### Recorded data

================================

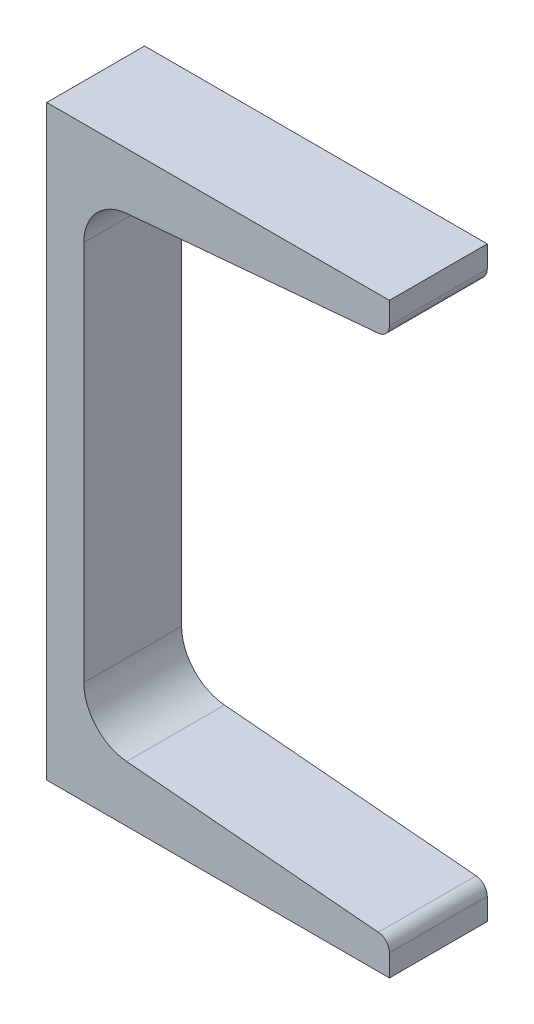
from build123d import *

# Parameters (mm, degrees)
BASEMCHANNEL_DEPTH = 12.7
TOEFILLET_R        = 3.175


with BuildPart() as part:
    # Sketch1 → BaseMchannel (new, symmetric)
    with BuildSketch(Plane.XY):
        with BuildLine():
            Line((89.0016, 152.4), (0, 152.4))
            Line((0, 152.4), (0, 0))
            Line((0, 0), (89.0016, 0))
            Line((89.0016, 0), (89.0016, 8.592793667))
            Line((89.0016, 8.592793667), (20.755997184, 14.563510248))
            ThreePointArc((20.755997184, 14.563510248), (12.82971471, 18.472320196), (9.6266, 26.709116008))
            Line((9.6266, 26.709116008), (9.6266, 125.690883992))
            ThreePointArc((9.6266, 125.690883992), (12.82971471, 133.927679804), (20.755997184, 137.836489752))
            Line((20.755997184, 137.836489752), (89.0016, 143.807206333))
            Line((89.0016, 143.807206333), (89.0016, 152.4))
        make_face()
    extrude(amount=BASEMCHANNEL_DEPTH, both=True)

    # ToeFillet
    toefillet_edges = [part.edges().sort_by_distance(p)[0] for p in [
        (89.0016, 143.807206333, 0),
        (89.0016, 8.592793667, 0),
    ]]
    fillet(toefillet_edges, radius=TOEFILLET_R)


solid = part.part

================================

### What to produce
After reading the records above, give the number of lines that include "part", and add nothing else.

### Exercise result
3